### What is required
Quote exactly and only this range of lines in the data below: the line that holds "note: Vehicle Data to Prescan" to the line that holds "Bus Selector1 : BusSelector", both included.

### Material provided
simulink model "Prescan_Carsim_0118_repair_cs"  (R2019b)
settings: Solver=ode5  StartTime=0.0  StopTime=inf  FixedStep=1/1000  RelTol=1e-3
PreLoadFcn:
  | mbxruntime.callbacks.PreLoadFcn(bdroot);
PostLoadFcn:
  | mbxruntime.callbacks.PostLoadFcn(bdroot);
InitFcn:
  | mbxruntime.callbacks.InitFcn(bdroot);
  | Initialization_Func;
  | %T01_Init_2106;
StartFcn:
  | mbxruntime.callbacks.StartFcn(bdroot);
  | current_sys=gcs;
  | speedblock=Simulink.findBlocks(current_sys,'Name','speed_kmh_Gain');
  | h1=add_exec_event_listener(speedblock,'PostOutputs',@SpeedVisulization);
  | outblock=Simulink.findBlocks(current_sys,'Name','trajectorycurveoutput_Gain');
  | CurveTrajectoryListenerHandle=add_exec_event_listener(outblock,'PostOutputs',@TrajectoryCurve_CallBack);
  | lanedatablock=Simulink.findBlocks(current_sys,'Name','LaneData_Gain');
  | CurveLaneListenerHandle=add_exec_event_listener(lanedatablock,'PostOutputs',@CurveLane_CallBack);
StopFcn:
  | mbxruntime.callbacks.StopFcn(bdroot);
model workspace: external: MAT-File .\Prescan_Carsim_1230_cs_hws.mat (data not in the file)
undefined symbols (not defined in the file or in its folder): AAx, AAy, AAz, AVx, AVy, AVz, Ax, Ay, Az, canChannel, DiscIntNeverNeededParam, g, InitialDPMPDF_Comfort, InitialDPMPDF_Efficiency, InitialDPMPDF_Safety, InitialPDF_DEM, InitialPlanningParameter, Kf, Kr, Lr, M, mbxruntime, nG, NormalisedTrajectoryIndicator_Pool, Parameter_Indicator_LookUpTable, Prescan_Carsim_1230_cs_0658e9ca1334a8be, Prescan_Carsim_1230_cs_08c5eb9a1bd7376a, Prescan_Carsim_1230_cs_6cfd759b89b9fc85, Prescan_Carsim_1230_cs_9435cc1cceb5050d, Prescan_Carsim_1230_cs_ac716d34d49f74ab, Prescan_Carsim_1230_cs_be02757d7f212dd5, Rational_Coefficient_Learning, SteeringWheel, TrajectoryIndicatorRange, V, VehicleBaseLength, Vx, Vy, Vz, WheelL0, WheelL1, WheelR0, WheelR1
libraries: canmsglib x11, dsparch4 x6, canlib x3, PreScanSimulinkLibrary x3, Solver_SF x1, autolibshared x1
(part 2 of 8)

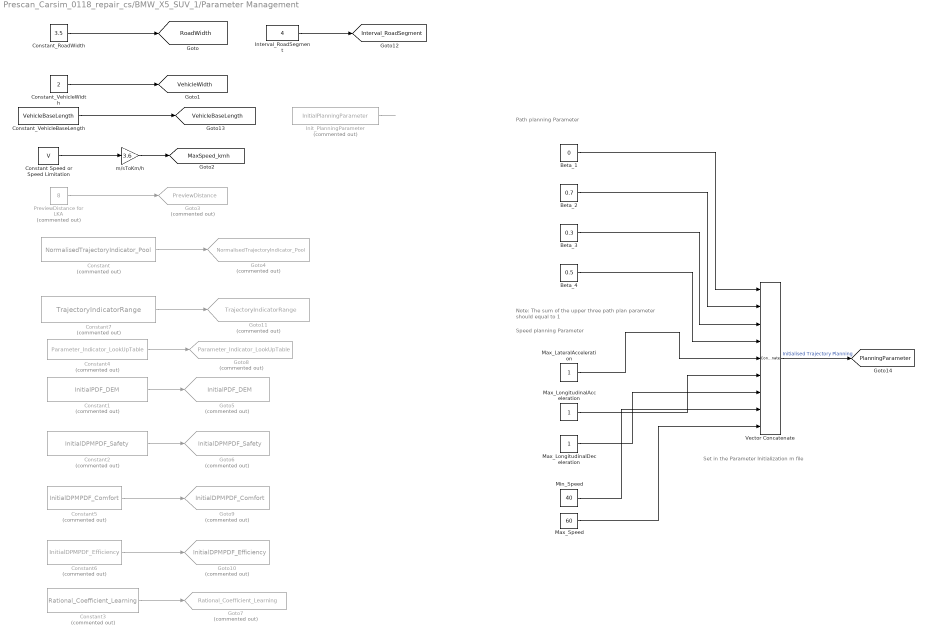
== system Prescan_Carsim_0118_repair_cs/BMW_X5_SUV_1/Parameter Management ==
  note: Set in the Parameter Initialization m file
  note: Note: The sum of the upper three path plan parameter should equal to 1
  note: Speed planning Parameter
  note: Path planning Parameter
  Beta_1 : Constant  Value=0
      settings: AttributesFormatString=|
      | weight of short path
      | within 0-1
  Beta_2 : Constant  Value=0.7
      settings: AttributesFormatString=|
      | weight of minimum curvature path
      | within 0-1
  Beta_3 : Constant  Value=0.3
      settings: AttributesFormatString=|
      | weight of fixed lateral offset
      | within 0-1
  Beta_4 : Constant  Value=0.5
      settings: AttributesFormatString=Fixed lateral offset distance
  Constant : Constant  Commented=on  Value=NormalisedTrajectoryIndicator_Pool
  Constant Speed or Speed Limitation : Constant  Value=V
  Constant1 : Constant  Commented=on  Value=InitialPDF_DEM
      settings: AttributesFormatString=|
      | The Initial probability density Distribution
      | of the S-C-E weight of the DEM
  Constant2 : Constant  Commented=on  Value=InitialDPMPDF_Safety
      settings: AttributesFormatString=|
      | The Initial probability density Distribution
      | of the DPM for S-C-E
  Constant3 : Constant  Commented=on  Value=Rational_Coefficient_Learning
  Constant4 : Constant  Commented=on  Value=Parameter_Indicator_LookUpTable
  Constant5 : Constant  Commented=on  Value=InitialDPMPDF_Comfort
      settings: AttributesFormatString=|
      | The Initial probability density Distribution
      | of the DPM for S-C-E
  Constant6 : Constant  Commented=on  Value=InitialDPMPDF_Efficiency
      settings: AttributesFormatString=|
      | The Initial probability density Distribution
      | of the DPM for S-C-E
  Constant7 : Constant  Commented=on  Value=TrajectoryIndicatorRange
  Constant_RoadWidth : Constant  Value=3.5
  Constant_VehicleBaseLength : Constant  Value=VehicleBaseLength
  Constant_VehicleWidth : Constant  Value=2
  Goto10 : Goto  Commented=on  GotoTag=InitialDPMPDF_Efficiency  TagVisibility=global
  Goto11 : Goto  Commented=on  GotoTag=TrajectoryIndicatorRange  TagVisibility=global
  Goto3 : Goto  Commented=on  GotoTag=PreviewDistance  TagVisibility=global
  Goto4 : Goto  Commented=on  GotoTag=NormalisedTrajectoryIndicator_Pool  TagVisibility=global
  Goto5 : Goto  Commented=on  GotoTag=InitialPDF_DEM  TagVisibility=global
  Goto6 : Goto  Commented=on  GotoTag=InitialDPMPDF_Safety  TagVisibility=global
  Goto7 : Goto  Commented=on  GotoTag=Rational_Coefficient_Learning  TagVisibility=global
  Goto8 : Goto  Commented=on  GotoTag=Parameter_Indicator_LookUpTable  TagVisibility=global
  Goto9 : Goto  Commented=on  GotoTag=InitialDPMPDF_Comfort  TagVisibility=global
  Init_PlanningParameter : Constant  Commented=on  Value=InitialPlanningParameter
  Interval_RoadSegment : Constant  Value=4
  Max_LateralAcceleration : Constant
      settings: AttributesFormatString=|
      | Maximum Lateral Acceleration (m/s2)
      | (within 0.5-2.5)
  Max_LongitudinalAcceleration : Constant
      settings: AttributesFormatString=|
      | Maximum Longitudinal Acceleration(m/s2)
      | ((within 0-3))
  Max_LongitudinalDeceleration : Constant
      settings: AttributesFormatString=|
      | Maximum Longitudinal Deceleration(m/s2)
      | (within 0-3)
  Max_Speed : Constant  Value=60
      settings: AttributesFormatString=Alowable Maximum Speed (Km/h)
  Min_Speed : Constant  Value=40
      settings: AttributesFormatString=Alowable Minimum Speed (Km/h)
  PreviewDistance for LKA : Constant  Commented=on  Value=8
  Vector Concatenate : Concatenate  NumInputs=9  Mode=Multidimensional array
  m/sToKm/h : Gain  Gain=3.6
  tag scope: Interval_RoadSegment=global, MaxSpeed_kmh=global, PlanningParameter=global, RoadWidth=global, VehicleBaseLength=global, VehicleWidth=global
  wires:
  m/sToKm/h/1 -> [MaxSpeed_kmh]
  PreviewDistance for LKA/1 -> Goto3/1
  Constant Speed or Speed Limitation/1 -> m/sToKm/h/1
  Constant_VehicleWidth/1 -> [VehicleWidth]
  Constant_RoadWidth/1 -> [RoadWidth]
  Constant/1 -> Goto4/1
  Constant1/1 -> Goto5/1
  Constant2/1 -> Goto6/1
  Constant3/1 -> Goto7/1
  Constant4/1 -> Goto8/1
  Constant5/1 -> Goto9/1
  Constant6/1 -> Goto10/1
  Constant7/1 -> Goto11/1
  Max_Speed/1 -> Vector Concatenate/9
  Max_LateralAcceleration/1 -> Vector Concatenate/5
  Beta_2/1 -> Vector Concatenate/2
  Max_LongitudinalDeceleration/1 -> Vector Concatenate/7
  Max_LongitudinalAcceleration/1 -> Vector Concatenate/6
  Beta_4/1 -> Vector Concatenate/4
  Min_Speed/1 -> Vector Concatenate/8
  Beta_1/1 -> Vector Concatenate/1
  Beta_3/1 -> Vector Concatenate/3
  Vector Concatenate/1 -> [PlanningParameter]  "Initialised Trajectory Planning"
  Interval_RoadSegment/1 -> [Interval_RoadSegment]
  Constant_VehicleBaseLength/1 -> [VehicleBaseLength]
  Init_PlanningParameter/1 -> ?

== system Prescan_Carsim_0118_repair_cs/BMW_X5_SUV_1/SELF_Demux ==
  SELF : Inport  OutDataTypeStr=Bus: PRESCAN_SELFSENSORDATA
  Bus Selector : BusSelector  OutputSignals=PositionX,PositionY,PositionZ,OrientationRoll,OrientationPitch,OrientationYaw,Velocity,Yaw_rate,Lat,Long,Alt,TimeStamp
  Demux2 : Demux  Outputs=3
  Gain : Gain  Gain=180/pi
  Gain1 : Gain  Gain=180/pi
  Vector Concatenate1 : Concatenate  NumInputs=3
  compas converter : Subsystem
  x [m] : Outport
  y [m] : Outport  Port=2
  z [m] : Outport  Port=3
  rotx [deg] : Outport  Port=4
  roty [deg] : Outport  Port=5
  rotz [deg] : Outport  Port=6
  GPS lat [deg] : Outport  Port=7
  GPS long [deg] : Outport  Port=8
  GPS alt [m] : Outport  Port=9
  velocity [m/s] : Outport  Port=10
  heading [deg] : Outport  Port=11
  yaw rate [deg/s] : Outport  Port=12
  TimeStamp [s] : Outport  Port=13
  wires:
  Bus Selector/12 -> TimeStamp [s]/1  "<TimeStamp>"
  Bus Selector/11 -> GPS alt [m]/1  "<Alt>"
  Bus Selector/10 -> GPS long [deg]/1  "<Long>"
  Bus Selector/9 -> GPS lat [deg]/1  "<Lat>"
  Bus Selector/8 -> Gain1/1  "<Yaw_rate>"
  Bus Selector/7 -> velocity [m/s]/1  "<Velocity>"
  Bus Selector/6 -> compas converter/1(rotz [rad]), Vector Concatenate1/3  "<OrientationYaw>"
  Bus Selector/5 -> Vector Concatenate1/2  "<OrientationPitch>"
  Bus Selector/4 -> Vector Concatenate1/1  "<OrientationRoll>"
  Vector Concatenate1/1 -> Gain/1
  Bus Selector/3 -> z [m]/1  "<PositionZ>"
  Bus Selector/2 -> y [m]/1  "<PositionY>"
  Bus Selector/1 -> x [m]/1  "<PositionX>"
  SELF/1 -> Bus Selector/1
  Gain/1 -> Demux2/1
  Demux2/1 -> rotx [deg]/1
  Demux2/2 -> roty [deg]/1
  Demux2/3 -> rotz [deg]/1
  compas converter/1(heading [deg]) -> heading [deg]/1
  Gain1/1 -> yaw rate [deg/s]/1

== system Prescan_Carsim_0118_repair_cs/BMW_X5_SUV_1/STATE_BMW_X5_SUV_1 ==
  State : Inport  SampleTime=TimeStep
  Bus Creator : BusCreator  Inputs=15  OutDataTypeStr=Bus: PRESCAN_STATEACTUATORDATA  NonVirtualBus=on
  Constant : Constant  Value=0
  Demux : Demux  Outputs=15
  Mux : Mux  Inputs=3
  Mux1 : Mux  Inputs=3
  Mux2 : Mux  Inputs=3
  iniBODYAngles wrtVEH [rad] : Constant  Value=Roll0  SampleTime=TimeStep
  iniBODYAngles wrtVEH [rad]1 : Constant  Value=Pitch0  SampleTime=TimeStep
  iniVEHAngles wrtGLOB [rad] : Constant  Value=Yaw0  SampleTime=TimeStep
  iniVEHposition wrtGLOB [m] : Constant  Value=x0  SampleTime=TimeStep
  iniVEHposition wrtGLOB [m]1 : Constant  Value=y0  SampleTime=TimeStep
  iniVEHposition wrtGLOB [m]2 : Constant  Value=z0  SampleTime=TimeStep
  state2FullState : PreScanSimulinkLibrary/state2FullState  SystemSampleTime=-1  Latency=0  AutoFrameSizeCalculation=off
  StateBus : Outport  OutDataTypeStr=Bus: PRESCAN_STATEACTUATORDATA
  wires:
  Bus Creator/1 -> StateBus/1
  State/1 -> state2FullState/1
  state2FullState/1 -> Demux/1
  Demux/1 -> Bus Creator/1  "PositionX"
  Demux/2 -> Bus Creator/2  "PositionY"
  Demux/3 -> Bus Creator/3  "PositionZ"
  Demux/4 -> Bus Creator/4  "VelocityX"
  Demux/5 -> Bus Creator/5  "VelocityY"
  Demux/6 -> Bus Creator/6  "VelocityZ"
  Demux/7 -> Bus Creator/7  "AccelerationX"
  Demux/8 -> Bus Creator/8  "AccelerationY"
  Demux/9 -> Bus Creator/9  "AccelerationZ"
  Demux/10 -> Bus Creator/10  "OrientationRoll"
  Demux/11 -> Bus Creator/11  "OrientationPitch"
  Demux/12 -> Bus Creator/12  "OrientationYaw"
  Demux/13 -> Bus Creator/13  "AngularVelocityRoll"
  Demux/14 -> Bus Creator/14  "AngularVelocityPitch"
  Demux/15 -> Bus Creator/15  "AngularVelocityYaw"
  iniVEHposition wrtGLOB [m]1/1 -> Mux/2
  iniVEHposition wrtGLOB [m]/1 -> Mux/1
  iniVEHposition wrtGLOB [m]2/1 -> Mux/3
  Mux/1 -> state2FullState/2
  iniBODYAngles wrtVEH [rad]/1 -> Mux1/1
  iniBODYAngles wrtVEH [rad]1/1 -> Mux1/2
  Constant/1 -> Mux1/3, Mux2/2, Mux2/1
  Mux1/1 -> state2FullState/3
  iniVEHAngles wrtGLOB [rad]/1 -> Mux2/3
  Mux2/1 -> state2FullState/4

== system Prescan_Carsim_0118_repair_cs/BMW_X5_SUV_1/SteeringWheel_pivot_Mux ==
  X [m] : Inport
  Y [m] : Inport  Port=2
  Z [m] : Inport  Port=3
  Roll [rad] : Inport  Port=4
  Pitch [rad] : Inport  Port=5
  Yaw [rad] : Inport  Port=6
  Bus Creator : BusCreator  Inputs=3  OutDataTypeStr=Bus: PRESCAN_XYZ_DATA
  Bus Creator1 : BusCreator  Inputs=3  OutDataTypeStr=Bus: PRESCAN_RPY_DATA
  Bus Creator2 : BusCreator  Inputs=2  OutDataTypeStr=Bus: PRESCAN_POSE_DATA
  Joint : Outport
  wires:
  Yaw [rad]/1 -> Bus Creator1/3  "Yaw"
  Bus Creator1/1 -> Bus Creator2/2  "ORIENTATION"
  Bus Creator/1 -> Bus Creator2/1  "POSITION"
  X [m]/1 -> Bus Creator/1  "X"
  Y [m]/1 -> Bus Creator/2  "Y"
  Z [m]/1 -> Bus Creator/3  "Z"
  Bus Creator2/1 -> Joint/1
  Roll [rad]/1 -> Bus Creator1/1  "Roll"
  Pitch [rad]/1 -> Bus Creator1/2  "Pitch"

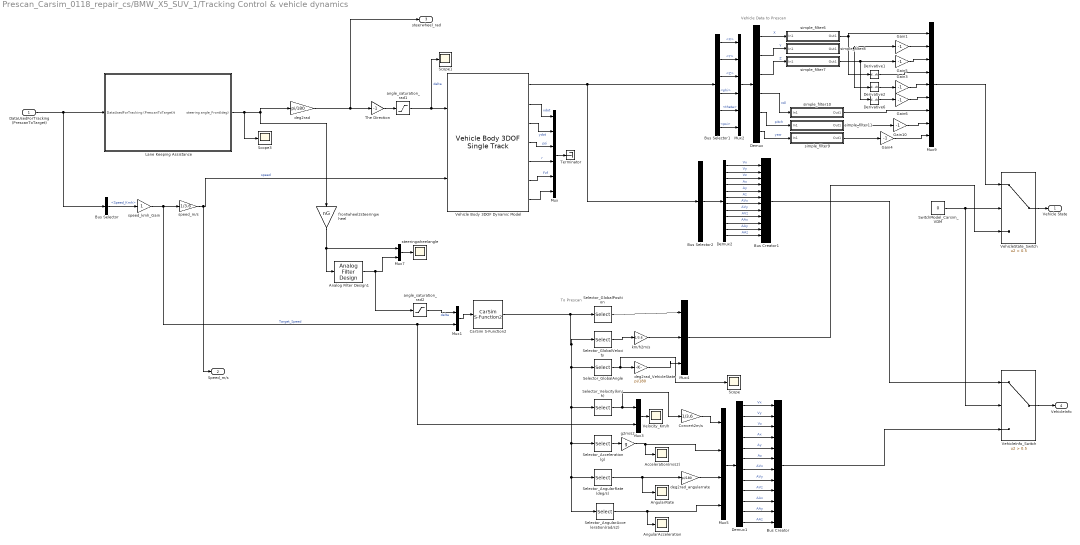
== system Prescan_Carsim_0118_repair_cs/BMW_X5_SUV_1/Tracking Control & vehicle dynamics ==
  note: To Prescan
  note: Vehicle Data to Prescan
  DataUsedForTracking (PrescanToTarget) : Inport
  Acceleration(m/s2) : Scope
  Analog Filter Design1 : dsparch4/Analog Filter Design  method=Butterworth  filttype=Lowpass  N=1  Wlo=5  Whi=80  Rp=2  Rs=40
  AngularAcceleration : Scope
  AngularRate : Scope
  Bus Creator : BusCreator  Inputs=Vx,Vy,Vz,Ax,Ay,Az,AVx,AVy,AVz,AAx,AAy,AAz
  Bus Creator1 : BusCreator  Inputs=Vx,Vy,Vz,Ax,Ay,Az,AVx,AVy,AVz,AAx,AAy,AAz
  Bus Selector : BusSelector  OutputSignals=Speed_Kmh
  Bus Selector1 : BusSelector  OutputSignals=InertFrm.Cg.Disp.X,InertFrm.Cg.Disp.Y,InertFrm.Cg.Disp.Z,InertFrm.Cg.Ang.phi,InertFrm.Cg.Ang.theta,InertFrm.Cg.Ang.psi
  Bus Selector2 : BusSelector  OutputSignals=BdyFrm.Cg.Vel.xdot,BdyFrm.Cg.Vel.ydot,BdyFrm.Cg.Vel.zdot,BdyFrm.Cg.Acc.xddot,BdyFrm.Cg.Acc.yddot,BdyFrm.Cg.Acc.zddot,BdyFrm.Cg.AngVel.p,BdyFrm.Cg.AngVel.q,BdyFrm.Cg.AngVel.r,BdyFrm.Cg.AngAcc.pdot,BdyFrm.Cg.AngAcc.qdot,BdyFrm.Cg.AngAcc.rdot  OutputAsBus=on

### Solution to the exercise
  note: Vehicle Data to Prescan
  DataUsedForTracking (PrescanToTarget) : Inport
  Acceleration(m/s2) : Scope
  Analog Filter Design1 : dsparch4/Analog Filter Design  method=Butterworth  filttype=Lowpass  N=1  Wlo=5  Whi=80  Rp=2  Rs=40
  AngularAcceleration : Scope
  AngularRate : Scope
  Bus Creator : BusCreator  Inputs=Vx,Vy,Vz,Ax,Ay,Az,AVx,AVy,AVz,AAx,AAy,AAz
  Bus Creator1 : BusCreator  Inputs=Vx,Vy,Vz,Ax,Ay,Az,AVx,AVy,AVz,AAx,AAy,AAz
  Bus Selector : BusSelector  OutputSignals=Speed_Kmh
  Bus Selector1 : BusSelector  OutputSignals=InertFrm.Cg.Disp.X,InertFrm.Cg.Disp.Y,InertFrm.Cg.Disp.Z,InertFrm.Cg.Ang.phi,InertFrm.Cg.Ang.theta,InertFrm.Cg.Ang.psi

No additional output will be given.